(Data excerpts)
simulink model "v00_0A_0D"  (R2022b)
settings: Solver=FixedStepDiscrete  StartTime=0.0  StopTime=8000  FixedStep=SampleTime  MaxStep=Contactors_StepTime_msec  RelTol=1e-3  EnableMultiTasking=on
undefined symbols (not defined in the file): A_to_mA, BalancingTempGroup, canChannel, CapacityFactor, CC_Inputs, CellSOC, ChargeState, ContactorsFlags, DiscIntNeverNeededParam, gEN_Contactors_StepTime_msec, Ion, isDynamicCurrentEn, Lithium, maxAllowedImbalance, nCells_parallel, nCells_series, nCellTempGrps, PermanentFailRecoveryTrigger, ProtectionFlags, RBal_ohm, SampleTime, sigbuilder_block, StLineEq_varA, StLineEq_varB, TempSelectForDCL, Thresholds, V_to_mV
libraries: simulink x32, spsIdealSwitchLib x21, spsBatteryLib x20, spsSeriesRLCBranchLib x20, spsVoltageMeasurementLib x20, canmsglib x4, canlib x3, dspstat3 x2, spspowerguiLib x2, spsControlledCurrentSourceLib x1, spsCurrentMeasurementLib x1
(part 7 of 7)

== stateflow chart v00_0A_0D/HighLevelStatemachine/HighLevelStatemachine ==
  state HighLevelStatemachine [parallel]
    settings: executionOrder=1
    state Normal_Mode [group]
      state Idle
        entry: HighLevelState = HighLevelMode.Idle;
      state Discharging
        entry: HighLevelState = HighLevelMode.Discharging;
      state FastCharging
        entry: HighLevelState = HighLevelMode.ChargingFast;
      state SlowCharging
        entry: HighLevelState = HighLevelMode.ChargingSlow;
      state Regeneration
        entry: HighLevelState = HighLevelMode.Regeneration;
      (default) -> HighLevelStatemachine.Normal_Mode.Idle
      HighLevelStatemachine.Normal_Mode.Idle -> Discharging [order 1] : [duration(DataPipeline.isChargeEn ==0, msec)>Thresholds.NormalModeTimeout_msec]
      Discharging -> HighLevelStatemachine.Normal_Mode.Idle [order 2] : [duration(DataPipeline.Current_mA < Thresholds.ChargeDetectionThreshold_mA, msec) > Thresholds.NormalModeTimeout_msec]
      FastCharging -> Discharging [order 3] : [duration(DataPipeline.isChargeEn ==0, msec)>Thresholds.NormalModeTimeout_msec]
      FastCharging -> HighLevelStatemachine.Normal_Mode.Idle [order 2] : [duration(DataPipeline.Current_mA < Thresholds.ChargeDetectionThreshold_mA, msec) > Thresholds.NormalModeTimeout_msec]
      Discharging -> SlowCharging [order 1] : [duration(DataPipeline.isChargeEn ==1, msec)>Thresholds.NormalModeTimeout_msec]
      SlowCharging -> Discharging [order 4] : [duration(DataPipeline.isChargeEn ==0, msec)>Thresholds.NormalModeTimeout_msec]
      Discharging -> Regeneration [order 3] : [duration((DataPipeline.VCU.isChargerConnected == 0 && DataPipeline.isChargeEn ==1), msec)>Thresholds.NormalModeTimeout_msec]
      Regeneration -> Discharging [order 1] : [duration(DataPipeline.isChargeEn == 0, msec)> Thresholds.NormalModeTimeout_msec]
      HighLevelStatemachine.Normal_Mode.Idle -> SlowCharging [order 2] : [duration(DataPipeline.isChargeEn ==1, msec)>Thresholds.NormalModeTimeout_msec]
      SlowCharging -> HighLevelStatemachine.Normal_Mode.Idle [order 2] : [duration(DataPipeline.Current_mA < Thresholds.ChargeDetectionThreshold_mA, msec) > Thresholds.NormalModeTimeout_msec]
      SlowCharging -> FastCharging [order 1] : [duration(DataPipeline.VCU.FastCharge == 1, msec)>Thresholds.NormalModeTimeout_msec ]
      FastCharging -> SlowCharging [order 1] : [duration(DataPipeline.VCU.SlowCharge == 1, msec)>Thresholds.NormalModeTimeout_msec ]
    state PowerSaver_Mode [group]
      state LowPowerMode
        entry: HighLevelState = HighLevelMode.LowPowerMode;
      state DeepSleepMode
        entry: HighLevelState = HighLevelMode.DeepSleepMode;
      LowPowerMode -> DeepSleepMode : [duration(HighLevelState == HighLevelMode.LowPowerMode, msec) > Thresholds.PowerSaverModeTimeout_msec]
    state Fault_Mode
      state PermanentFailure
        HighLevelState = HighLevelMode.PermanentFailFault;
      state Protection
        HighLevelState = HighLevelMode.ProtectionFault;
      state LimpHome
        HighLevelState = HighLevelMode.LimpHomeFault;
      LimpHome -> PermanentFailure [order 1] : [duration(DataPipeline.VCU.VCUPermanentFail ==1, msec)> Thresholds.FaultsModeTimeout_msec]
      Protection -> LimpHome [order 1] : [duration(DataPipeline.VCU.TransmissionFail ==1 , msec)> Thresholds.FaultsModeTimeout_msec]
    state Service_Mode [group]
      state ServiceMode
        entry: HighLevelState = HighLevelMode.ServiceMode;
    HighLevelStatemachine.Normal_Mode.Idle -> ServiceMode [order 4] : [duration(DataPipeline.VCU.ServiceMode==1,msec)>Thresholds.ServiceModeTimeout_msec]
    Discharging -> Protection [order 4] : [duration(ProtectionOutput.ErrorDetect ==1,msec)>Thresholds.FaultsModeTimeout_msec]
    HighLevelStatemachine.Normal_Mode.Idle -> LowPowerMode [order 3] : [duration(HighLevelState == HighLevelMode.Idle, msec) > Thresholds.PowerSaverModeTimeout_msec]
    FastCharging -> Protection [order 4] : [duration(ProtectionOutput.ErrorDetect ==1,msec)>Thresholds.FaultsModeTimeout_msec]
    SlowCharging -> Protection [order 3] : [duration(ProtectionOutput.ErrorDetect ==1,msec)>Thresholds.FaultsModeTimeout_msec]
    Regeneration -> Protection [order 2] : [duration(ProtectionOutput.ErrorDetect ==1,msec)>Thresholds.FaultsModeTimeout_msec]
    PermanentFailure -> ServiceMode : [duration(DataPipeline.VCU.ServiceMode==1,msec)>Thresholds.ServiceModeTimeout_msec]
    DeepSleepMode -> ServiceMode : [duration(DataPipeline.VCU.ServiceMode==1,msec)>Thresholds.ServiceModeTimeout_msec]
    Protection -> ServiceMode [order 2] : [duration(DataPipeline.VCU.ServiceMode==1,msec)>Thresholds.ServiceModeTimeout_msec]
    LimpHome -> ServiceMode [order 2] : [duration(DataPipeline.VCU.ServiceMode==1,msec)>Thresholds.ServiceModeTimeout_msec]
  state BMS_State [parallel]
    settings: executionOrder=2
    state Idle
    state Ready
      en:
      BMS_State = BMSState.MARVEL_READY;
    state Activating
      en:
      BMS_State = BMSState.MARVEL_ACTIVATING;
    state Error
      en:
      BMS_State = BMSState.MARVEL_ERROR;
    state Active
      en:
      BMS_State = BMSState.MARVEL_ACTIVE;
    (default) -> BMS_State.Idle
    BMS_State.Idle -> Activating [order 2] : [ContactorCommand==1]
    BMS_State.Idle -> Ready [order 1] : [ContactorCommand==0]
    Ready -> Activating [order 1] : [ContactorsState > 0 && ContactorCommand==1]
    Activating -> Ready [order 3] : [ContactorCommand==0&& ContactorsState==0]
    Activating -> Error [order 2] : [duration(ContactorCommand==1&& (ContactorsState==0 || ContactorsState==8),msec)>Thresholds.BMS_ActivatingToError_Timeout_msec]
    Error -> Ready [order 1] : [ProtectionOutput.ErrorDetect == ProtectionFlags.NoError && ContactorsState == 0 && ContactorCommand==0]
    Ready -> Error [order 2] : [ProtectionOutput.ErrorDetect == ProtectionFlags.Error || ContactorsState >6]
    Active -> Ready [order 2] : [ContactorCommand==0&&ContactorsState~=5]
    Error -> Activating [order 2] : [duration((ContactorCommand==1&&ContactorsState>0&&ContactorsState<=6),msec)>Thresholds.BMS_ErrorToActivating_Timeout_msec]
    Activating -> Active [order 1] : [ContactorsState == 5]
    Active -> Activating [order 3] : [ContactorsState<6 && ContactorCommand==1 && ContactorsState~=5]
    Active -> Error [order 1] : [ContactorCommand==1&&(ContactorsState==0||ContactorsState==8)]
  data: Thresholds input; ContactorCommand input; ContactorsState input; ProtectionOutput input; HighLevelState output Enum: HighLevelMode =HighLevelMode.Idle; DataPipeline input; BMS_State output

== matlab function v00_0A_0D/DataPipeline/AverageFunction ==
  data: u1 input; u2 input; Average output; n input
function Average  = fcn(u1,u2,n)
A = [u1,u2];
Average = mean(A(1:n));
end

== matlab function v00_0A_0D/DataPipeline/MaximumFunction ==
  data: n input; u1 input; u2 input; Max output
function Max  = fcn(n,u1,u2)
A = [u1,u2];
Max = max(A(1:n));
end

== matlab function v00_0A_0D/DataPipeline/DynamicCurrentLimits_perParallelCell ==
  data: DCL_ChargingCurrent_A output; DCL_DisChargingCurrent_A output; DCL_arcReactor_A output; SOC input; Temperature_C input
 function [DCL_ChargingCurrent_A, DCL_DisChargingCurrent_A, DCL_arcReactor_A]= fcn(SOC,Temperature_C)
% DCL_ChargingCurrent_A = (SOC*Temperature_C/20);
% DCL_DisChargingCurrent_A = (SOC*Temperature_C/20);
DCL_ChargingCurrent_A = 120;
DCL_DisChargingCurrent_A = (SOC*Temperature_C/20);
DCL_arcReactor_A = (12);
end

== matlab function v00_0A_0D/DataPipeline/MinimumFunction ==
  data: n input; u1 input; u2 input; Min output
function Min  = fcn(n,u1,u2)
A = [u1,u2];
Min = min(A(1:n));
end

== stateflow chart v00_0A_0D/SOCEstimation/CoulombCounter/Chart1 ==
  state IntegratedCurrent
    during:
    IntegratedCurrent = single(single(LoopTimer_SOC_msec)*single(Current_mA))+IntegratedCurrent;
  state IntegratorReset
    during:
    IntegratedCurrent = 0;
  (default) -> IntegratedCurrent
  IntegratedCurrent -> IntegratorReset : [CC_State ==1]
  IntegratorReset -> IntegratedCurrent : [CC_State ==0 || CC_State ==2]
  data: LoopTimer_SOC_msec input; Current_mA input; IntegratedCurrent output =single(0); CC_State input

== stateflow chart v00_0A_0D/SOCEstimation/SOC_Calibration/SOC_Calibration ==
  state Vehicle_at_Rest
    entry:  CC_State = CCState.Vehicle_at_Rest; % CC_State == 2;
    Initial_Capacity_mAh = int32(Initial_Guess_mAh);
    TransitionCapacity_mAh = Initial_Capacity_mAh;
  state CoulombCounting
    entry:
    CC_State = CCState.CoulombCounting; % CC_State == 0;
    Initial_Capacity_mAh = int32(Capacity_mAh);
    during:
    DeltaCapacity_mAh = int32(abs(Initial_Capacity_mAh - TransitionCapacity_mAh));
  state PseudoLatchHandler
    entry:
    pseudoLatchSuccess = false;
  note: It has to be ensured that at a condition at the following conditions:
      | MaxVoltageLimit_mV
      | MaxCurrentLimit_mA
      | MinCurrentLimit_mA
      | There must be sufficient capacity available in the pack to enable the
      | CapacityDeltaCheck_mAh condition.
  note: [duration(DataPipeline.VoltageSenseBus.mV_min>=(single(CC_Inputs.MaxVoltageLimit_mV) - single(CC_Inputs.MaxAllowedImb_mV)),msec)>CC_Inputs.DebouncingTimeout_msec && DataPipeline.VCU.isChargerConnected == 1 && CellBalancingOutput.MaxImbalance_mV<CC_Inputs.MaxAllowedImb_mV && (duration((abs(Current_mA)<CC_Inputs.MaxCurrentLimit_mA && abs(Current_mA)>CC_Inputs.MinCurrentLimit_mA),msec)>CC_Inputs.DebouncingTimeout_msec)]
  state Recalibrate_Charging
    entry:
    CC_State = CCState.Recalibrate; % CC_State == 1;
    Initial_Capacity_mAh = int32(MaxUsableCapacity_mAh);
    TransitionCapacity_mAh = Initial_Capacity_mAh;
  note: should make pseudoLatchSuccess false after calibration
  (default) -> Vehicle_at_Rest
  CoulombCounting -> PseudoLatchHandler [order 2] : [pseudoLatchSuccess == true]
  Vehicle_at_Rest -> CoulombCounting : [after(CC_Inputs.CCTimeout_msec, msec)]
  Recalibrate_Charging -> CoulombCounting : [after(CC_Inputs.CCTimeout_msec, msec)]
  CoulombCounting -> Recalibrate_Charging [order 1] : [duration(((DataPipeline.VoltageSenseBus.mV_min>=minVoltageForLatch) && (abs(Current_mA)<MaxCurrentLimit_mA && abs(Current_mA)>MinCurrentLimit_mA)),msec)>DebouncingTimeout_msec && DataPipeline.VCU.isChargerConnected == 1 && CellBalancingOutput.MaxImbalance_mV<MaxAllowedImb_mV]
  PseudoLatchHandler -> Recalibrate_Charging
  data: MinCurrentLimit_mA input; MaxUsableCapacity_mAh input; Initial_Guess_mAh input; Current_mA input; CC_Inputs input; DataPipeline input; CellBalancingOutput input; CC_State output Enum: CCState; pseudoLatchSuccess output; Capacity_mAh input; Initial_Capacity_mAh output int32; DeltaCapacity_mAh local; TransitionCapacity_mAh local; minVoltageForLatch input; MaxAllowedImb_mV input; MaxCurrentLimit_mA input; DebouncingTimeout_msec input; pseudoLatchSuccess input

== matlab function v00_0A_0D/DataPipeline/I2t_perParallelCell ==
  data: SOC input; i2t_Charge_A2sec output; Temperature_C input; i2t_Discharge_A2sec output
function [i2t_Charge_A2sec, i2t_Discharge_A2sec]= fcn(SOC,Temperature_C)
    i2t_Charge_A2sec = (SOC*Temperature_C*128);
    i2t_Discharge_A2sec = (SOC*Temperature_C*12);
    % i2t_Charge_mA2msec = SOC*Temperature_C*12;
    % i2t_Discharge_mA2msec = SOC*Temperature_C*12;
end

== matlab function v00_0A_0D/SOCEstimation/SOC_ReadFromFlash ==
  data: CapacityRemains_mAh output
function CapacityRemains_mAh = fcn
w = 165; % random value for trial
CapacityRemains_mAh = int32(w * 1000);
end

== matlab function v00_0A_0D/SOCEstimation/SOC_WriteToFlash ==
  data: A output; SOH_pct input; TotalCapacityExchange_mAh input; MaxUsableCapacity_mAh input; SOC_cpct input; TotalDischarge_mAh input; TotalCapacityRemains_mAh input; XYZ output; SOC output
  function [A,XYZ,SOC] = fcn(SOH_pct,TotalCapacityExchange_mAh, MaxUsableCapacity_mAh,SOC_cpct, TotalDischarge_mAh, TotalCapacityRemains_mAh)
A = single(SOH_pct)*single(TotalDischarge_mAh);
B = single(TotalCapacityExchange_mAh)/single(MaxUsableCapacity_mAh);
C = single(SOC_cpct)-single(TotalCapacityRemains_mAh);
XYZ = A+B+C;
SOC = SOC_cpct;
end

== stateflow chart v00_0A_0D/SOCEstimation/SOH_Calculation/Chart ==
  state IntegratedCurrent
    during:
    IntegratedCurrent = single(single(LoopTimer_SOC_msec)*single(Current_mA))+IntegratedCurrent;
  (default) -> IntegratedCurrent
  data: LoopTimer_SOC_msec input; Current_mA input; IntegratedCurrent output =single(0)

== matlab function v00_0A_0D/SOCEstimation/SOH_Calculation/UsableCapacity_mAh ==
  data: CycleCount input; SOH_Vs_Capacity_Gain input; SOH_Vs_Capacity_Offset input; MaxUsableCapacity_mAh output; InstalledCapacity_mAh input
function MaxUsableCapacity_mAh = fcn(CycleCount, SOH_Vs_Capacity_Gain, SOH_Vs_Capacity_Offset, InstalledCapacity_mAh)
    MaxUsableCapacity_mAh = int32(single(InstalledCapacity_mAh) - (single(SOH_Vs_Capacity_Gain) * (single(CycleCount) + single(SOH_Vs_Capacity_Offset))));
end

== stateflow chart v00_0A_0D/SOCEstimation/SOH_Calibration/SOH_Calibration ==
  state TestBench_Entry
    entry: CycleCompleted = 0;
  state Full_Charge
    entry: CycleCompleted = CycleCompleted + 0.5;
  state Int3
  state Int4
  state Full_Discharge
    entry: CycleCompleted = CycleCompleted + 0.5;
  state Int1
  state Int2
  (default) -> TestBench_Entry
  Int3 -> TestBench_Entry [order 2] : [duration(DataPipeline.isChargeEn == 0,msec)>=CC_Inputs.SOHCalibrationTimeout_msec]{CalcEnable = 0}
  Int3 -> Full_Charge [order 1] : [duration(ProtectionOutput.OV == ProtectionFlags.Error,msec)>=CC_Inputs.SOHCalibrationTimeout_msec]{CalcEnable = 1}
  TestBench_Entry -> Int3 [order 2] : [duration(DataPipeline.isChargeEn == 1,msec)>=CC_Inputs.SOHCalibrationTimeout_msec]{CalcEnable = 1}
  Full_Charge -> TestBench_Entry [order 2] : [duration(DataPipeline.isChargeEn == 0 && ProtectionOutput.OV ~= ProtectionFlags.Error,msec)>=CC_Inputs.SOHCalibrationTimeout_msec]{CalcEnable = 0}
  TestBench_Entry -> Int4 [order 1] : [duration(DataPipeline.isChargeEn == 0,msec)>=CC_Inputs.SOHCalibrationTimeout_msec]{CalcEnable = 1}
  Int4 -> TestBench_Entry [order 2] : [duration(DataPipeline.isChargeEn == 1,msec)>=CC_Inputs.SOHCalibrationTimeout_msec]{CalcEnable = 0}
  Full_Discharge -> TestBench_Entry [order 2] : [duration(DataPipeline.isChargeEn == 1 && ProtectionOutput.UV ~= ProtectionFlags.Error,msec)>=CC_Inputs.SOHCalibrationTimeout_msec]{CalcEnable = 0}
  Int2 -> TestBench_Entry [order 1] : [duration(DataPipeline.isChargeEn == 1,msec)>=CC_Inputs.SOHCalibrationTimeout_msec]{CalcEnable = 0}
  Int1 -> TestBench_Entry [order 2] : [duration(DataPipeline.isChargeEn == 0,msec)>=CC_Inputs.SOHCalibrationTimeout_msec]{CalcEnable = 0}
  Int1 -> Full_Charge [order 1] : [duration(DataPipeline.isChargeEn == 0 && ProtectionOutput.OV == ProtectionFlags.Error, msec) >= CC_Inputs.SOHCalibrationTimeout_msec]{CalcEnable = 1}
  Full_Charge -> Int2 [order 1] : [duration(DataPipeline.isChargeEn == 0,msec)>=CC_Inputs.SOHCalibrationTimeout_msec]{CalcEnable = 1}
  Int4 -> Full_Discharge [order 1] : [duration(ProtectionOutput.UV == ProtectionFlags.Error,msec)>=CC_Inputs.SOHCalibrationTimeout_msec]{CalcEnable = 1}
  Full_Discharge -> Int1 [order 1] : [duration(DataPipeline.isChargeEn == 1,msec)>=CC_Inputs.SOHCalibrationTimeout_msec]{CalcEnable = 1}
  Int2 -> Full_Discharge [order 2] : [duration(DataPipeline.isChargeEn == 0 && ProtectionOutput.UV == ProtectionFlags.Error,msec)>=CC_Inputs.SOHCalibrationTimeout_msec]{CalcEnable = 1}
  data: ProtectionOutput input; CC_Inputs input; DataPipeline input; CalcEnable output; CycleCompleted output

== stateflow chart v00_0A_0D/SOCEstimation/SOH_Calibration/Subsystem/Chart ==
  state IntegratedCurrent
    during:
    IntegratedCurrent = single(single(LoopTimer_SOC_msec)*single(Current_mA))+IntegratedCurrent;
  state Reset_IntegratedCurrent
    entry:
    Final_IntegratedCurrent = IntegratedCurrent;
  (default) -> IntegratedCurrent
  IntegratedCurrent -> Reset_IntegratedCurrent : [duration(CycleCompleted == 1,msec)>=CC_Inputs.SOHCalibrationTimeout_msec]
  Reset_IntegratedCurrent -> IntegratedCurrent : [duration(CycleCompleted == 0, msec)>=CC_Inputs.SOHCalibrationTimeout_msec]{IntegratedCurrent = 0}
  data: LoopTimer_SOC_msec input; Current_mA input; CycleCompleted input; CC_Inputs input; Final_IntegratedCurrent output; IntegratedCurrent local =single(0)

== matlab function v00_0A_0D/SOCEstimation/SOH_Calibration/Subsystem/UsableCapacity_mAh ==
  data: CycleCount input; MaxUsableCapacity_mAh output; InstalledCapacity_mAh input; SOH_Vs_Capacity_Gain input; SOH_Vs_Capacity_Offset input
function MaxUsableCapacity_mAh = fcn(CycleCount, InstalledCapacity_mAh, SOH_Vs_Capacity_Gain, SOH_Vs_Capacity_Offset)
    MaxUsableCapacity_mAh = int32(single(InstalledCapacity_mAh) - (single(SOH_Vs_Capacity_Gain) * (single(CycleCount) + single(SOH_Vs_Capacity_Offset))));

Task goal
All lines above that include the word "IntegratorReset" must be copied into the answer.

Response for this exercise
  state IntegratorReset
  IntegratedCurrent -> IntegratorReset : [CC_State ==1]
  IntegratorReset -> IntegratedCurrent : [CC_State ==0 || CC_State ==2]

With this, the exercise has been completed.